Monday, January 3, 2022

Christophobia And The West

2022 and Aesop’s Frog



The ringing in of the New Year is a time of resolutions—and I hereby resolve to make some. It is also a season of recollections. It is with melancholy pleasure that I remember my philosopher friend Kenneth Minogue, who died nine years ago this coming June at 82. It is hard for me to believe that it has been so long, but there you are. I recall that my friend Bill Buckley died 14 years ago, in February 2008, and that seems like only yesterday. I am going to resist the temptation to rehearse reasons “why life speeds up as you get older” in order to say a few words about Ken Minogue, whose quiet but penetrating thought has striking relevance to this noisy, chattering age. 

Ken studied with the great conservative philosopher Michael Oakeshott, whose urbane, understated skepticism made a deep and lasting impression on Ken’s thought and, through him, on two more generations of students. The full power of Ken’s thinking was already on view in his early classic The Liberal Mind (1963), which provides one of the most thoughtful, penetrating, and ultimately devastating anatomies of the liberal mindset ever penned. And he did it all with an ebullience and lightness of touch that made the serious business of criticism a smiling affair. 


One of Ken’s most searching essays for The New Criterion was called “‘Christophobia’ and the West.” Published in 2003, the essay dilates on “the rising hatred of Christianity among Western peoples.” Ken’s subject was not secularism—that reliable coefficient of Enlightenment self-infatuation—but something more visceral: a species of histrionic narcissism Ken denominated “Olympianism,” the quasi-religious efflorescence that triumphs in secular societies in response to the melancholy, long, withdrawing roar of traditional religion on the ebb.


Olympianism, Ken observes, is in many ways like a religion, but it is “in the interesting position of being a kind of religion which does not recognize itself as such, and indeed claims a cognitive superiority to religion in general.” Hence the hatred of religion—the “phobia” part of “Christophobia”—that follows the spread of Olympianism like a shadow. 

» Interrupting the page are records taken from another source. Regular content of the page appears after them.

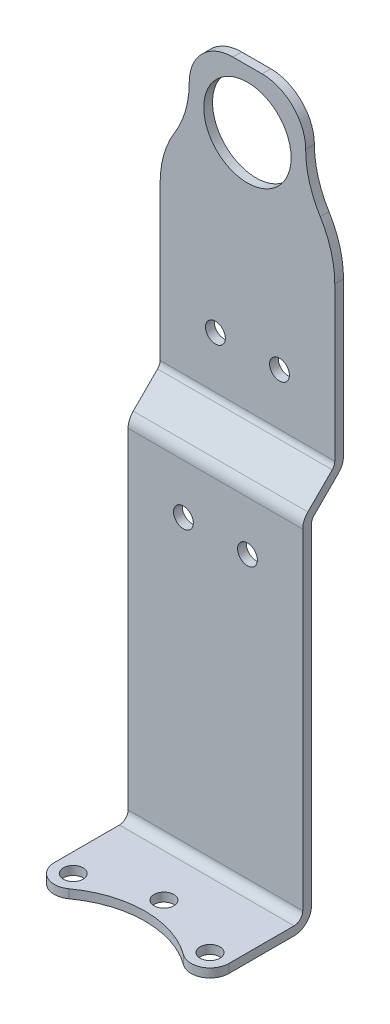
ISO-10303-21;
HEADER;
FILE_DESCRIPTION(('STEP AP214'),'2;1');
FILE_NAME('part.step','',(''),(''),'','','');
FILE_SCHEMA(('AUTOMOTIVE_DESIGN { 1 0 10303 214 1 1 1 1 }'));
ENDSEC;
DATA;
#1=APPLICATION_CONTEXT('core data for automotive mechanical design processes');
#2=APPLICATION_PROTOCOL_DEFINITION('international standard','automotive_design',2000,#1);
#3=PRODUCT_CONTEXT('',#1,'mechanical');
#4=PRODUCT('Part','Part','',(#3));
#5=PRODUCT_RELATED_PRODUCT_CATEGORY('part','',(#4));
#6=PRODUCT_DEFINITION_FORMATION('','',#4);
#7=PRODUCT_DEFINITION_CONTEXT('part definition',#1,'design');
#8=PRODUCT_DEFINITION('design','',#6,#7);
#9=PRODUCT_DEFINITION_SHAPE('','',#8);
#10=(LENGTH_UNIT() NAMED_UNIT(*) SI_UNIT(.MILLI.,.METRE.));
#11=(NAMED_UNIT(*) PLANE_ANGLE_UNIT() SI_UNIT($,.RADIAN.));
#12=(NAMED_UNIT(*) SI_UNIT($,.STERADIAN.) SOLID_ANGLE_UNIT());
#13=UNCERTAINTY_MEASURE_WITH_UNIT(LENGTH_MEASURE(1.E-05),#10,'distance_accuracy_value','');
#14=(GEOMETRIC_REPRESENTATION_CONTEXT(3) GLOBAL_UNCERTAINTY_ASSIGNED_CONTEXT((#13)) GLOBAL_UNIT_ASSIGNED_CONTEXT((#10,
#11,#12)) REPRESENTATION_CONTEXT('',''));
#15=CARTESIAN_POINT('',(0.,0.,0.));
#16=DIRECTION('',(0.,0.,1.));
#17=DIRECTION('',(1.,0.,0.));
#18=AXIS2_PLACEMENT_3D('',#15,#16,#17);
#19=CARTESIAN_POINT('',(-15.,-33.4999999999987,-4.));
#20=DIRECTION('',(-1.,0.,0.));
#21=DIRECTION('',(0.,0.,1.));
#22=AXIS2_PLACEMENT_3D('',#19,#20,#21);
#23=PLANE('',#22);
#24=DIRECTION('',(0.,1.,0.));
#25=VECTOR('',#24,1.);
#26=CARTESIAN_POINT('',(-15.,-33.4999999999987,-4.));
#27=LINE('',#26,#25);
#28=CARTESIAN_POINT('',(-15.,33.621320343561,-4.));
#29=VERTEX_POINT('',#28);
#30=CARTESIAN_POINT('',(-15.0000000000001,60.0000000000013,-4.));
#31=VERTEX_POINT('',#30);
#32=EDGE_CURVE('E315',#29,#31,#27,.T.);
#33=ORIENTED_EDGE('',*,*,#32,.F.);
#34=CARTESIAN_POINT('',(-15.,33.621320343561,-1.));
#35=DIRECTION('',(-1.,0.,0.));
#36=DIRECTION('',(0.,0.,1.));
#37=AXIS2_PLACEMENT_3D('',#34,#35,#36);
#38=CIRCLE('',#37,3.);
#39=CARTESIAN_POINT('',(-15.,31.5000000000013,-3.12132034355966));
#40=VERTEX_POINT('',#39);
#41=EDGE_CURVE('E414',#29,#40,#38,.T.);
#42=ORIENTED_EDGE('',*,*,#41,.T.);
#43=DIRECTION('',(0.,0.707106781186551,-0.707106781186544));
#44=VECTOR('',#43,1.);
#45=CARTESIAN_POINT('',(-15.,26.8786796564416,1.5));
#46=LINE('',#45,#44);
#47=CARTESIAN_POINT('',(-15.,27.3180194846618,1.06066017177983));
#48=VERTEX_POINT('',#47);
#49=EDGE_CURVE('E478',#48,#40,#46,.T.);
#50=ORIENTED_EDGE('',*,*,#49,.F.);
#51=CARTESIAN_POINT('',(-15.,26.257359312882,0.));
#52=DIRECTION('',(-1.,0.,0.));
#53=DIRECTION('',(0.,0.,1.));
#54=AXIS2_PLACEMENT_3D('',#51,#52,#53);
#55=CIRCLE('',#54,1.5);
#56=CARTESIAN_POINT('',(-15.,26.257359312882,1.5));
#57=VERTEX_POINT('',#56);
#58=EDGE_CURVE('E397',#48,#57,#55,.F.);
#59=ORIENTED_EDGE('',*,*,#58,.T.);
#60=DIRECTION('',(0.,1.,0.));
#61=VECTOR('',#60,1.);
#62=CARTESIAN_POINT('',(-15.,-33.4999999999987,1.5));
#63=LINE('',#62,#61);
#64=CARTESIAN_POINT('',(-15.,-30.4999999999987,1.5));
#65=VERTEX_POINT('',#64);
#66=EDGE_CURVE('E356',#65,#57,#63,.T.);
#67=ORIENTED_EDGE('',*,*,#66,.F.);
#68=CARTESIAN_POINT('',(-15.,-30.4999999999987,4.5));
#69=DIRECTION('',(-1.,0.,0.));
#70=DIRECTION('',(0.,0.,1.));
#71=AXIS2_PLACEMENT_3D('',#68,#69,#70);
#72=CIRCLE('',#71,3.);
#73=CARTESIAN_POINT('',(-15.,-33.4999999999987,4.5));
#74=VERTEX_POINT('',#73);
#75=EDGE_CURVE('E408',#65,#74,#72,.T.);
#76=ORIENTED_EDGE('',*,*,#75,.T.);
#77=DIRECTION('',(0.,0.,1.));
#78=VECTOR('',#77,1.);
#79=CARTESIAN_POINT('',(-15.,-33.4999999999987,-4.));
#80=LINE('',#79,#78);
#81=CARTESIAN_POINT('',(-15.,-33.4999999999987,15.6773451317715));
#82=VERTEX_POINT('',#81);
#83=EDGE_CURVE('E296',#74,#82,#80,.T.);
#84=ORIENTED_EDGE('',*,*,#83,.T.);
#85=DIRECTION('',(0.,1.,0.));
#86=VECTOR('',#85,1.);
#87=CARTESIAN_POINT('',(-15.,-33.4999999999987,15.6773451317715));
#88=LINE('',#87,#86);
#89=CARTESIAN_POINT('',(-15.,-31.9999999999987,15.6773451317715));
#90=VERTEX_POINT('',#89);
#91=EDGE_CURVE('E346',#82,#90,#88,.T.);
#92=ORIENTED_EDGE('',*,*,#91,.T.);
#93=DIRECTION('',(0.,0.,1.));
#94=VECTOR('',#93,1.);
#95=CARTESIAN_POINT('',(-15.,-31.9999999999987,-4.));
#96=LINE('',#95,#94);
#97=CARTESIAN_POINT('',(-15.,-31.9999999999987,4.5));
#98=VERTEX_POINT('',#97);
#99=EDGE_CURVE('E295',#98,#90,#96,.T.);
#100=ORIENTED_EDGE('',*,*,#99,.F.);
#101=CARTESIAN_POINT('',(-15.,-30.4999999999987,4.5));
#102=DIRECTION('',(-1.,0.,0.));
#103=DIRECTION('',(0.,0.,1.));
#104=AXIS2_PLACEMENT_3D('',#101,#102,#103);
#105=CIRCLE('',#104,1.5);
#106=CARTESIAN_POINT('',(-15.,-30.4999999999987,3.));
#107=VERTEX_POINT('',#106);
#108=EDGE_CURVE('E387',#98,#107,#105,.F.);
#109=ORIENTED_EDGE('',*,*,#108,.T.);
#110=DIRECTION('',(0.,-1.,0.));
#111=VECTOR('',#110,1.);
#112=CARTESIAN_POINT('',(-15.,85.0000000000013,3.));
#113=LINE('',#112,#111);
#114=CARTESIAN_POINT('',(-15.,26.257359312882,3.));
#115=VERTEX_POINT('',#114);
#116=EDGE_CURVE('E289',#115,#107,#113,.T.);
#117=ORIENTED_EDGE('',*,*,#116,.F.);
#118=CARTESIAN_POINT('',(-15.,26.257359312882,0.));
#119=DIRECTION('',(-1.,0.,0.));
#120=DIRECTION('',(0.,0.,1.));
#121=AXIS2_PLACEMENT_3D('',#118,#119,#120);
#122=CIRCLE('',#121,3.);
#123=CARTESIAN_POINT('',(-15.,28.3786796564416,2.12132034355965));
#124=VERTEX_POINT('',#123);
#125=EDGE_CURVE('E411',#115,#124,#122,.T.);
#126=ORIENTED_EDGE('',*,*,#125,.T.);
#127=DIRECTION('',(0.,-0.707106781186551,0.707106781186544));
#128=VECTOR('',#127,1.);
#129=CARTESIAN_POINT('',(-15.,33.0000000000013,-2.49999999999996));
#130=LINE('',#129,#128);
#131=CARTESIAN_POINT('',(-15.,32.5606601717811,-2.06066017177979));
#132=VERTEX_POINT('',#131);
#133=EDGE_CURVE('E272',#132,#124,#130,.T.);
#134=ORIENTED_EDGE('',*,*,#133,.F.);
#135=CARTESIAN_POINT('',(-15.,33.6213203435609,-0.999999999999963));
#136=DIRECTION('',(-1.,0.,0.));
#137=DIRECTION('',(0.,0.,1.));
#138=AXIS2_PLACEMENT_3D('',#135,#136,#137);
#139=CIRCLE('',#138,1.5);
#140=CARTESIAN_POINT('',(-15.,33.6213203435609,-2.49999999999996));
#141=VERTEX_POINT('',#140);
#142=EDGE_CURVE('E391',#132,#141,#139,.F.);
#143=ORIENTED_EDGE('',*,*,#142,.T.);
#144=DIRECTION('',(0.,-1.,0.));
#145=VECTOR('',#144,1.);
#146=CARTESIAN_POINT('',(-15.,85.0000000000013,-2.49999999999996));
#147=LINE('',#146,#145);
#148=CARTESIAN_POINT('',(-15.0000000000001,60.0000000000013,-2.49999999999996));
#149=VERTEX_POINT('',#148);
#150=EDGE_CURVE('E263',#149,#141,#147,.T.);
#151=ORIENTED_EDGE('',*,*,#150,.F.);
#152=DIRECTION('',(0.,0.,1.));
#153=VECTOR('',#152,1.);
#154=CARTESIAN_POINT('',(-15.0000000000001,60.0000000000013,-4.));
#155=LINE('',#154,#153);
#156=EDGE_CURVE('E260',#31,#149,#155,.T.);
#157=ORIENTED_EDGE('',*,*,#156,.F.);
#158=EDGE_LOOP('',(#33,#42,#50,#59,#67,#76,#84,#92,#100,#109,#117,#126,#134,#143,#151,#157));
#159=FACE_BOUND('',#158,.T.);
#160=ADVANCED_FACE('F45',(#159),#23,.T.);
#161=CARTESIAN_POINT('',(15.,-33.4999999999987,-4.));
#162=DIRECTION('',(0.,0.,-1.));
#163=DIRECTION('',(-1.,0.,0.));
#164=AXIS2_PLACEMENT_3D('',#161,#162,#163);
#165=PLANE('',#164);
#166=CARTESIAN_POINT('',(0.,75.,-4.));
#167=DIRECTION('',(0.,0.,1.));
#168=DIRECTION('',(1.,0.,0.));
#169=AXIS2_PLACEMENT_3D('',#166,#167,#168);
#170=CIRCLE('',#169,7.49999999999999);
#171=CARTESIAN_POINT('',(7.49999999999999,75.,-4.));
#172=VERTEX_POINT('',#171);
#173=EDGE_CURVE('E471',#172,#172,#170,.T.);
#174=ORIENTED_EDGE('',*,*,#173,.T.);
#175=EDGE_LOOP('',(#174));
#176=FACE_BOUND('',#175,.T.);
#177=CARTESIAN_POINT('',(-5.5,42.4999999999992,-4.));
#178=DIRECTION('',(0.,0.,1.));
#179=DIRECTION('',(1.,0.,0.));
#180=AXIS2_PLACEMENT_3D('',#177,#178,#179);
#181=CIRCLE('',#180,1.70000000000009);
#182=CARTESIAN_POINT('',(-3.79999999999991,42.4999999999992,-4.));
#183=VERTEX_POINT('',#182);
#184=EDGE_CURVE('E486',#183,#183,#181,.T.);
#185=ORIENTED_EDGE('',*,*,#184,.T.);
#186=EDGE_LOOP('',(#185));
#187=FACE_BOUND('',#186,.T.);
#188=CARTESIAN_POINT('',(5.5,42.4999999999992,-4.));
#189=DIRECTION('',(0.,0.,1.));
#190=DIRECTION('',(1.,0.,0.));
#191=AXIS2_PLACEMENT_3D('',#188,#189,#190);
#192=CIRCLE('',#191,1.70000000000009);
#193=CARTESIAN_POINT('',(7.20000000000009,42.4999999999992,-4.));
#194=VERTEX_POINT('',#193);
#195=EDGE_CURVE('E481',#194,#194,#192,.T.);
#196=ORIENTED_EDGE('',*,*,#195,.T.);
#197=EDGE_LOOP('',(#196));
#198=FACE_BOUND('',#197,.T.);
#199=DIRECTION('',(-1.,0.,0.));
#200=VECTOR('',#199,1.);
#201=CARTESIAN_POINT('',(-15.,85.0000000000013,-4.));
#202=LINE('',#201,#200);
#203=CARTESIAN_POINT('',(2.5,85.0000000000013,-4.));
#204=VERTEX_POINT('',#203);
#205=CARTESIAN_POINT('',(-2.5,85.0000000000013,-4.));
#206=VERTEX_POINT('',#205);
#207=EDGE_CURVE('E286',#204,#206,#202,.T.);
#208=ORIENTED_EDGE('',*,*,#207,.F.);
#209=CARTESIAN_POINT('',(2.5,77.5000000000013,-4.));
#210=DIRECTION('',(0.,0.,-1.));
#211=DIRECTION('',(-1.,0.,0.));
#212=AXIS2_PLACEMENT_3D('',#209,#210,#211);
#213=CIRCLE('',#212,7.5);
#214=CARTESIAN_POINT('',(10.,77.5000000000013,-4.));
#215=VERTEX_POINT('',#214);
#216=EDGE_CURVE('E54',#204,#215,#213,.T.);
#217=ORIENTED_EDGE('',*,*,#216,.T.);
#218=CARTESIAN_POINT('',(26.5625,77.5000000000013,-4.));
#219=DIRECTION('',(0.,0.,1.));
#220=DIRECTION('',(1.,0.,0.));
#221=AXIS2_PLACEMENT_3D('',#218,#219,#220);
#222=CIRCLE('',#221,16.5625);
#223=CARTESIAN_POINT('',(12.5,68.7500000000013,-4.));
#224=VERTEX_POINT('',#223);
#225=EDGE_CURVE('E207',#215,#224,#222,.T.);
#226=ORIENTED_EDGE('',*,*,#225,.T.);
#227=CARTESIAN_POINT('',(-1.56250000000004,60.0000000000013,-4.));
#228=DIRECTION('',(0.,0.,-1.));
#229=DIRECTION('',(-1.,0.,0.));
#230=AXIS2_PLACEMENT_3D('',#227,#228,#229);
#231=CIRCLE('',#230,16.5624999999997);
#232=CARTESIAN_POINT('',(14.9999999999997,60.0000000000013,-4.));
#233=VERTEX_POINT('',#232);
#234=EDGE_CURVE('E212',#224,#233,#231,.T.);
#235=ORIENTED_EDGE('',*,*,#234,.T.);
#236=DIRECTION('',(0.,1.,0.));
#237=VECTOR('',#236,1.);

Olympianism is the characteristic belief system of today’s secularist, and it has itself many of the features of a religion. For one thing, the fusion of political conviction and moral superiority into a single package resembles the way in which religions (outside liberal states) constitute comprehensive ways of life supplying all that is necessary (in the eyes of believers) for salvation. Again, the religions with which we are familiar are monotheistic and refer everything to a single center. In traditional religions, this is usually God; with Olympianism, it is society, understood ultimately as including the whole of humanity. And Olympianism, like many religions, is keen to proselytize. Its characteristic mode of missionary activity is journalism and the media.


Several things follow from this novel form of proselytization. 


If Olympianism has the character of a religion, as I am suggesting, there would be no mystery about its hostility to Christianity. Real religions (by contrast with test-tube religions such as ecumenism) don’t much like each other; they are, after all, competitors. . . . But there is a deeper reason why the spread of Olympianism may be measured by the degree of Christophobia. It is that Olympianism is an imperial project which can only be hindered by the association between Christianity and the West.

There is, Ken observed, a curious political side to this development, epitomized by the multicultural imperative: the contention that all cultures are equal, but that Western culture is somehow less equal than others. You can see this at work in the phenomenon of globalization, which operates by spreading Western rationalism along with a deep suspicion of the values that made that rationalism possible. The resulting confusion is the “wonderland of abstractions” whose guiding prejudice is the belief that prejudice has been overcome and consigned to the dustbin of history (St. George rides again). “It reminds one,” Ken concluded, “of Aesop’s frog, who wanted to be as big as an ox, and blew himself up more and more, his skin becoming thinner and thinner, till he burst.”

There are many signs, I’d say, that the specimen is suffering from dangerous ascites, though what happens afterward is anyone’s guess. As far as I know, Aesop’s frog did not make a curtain call.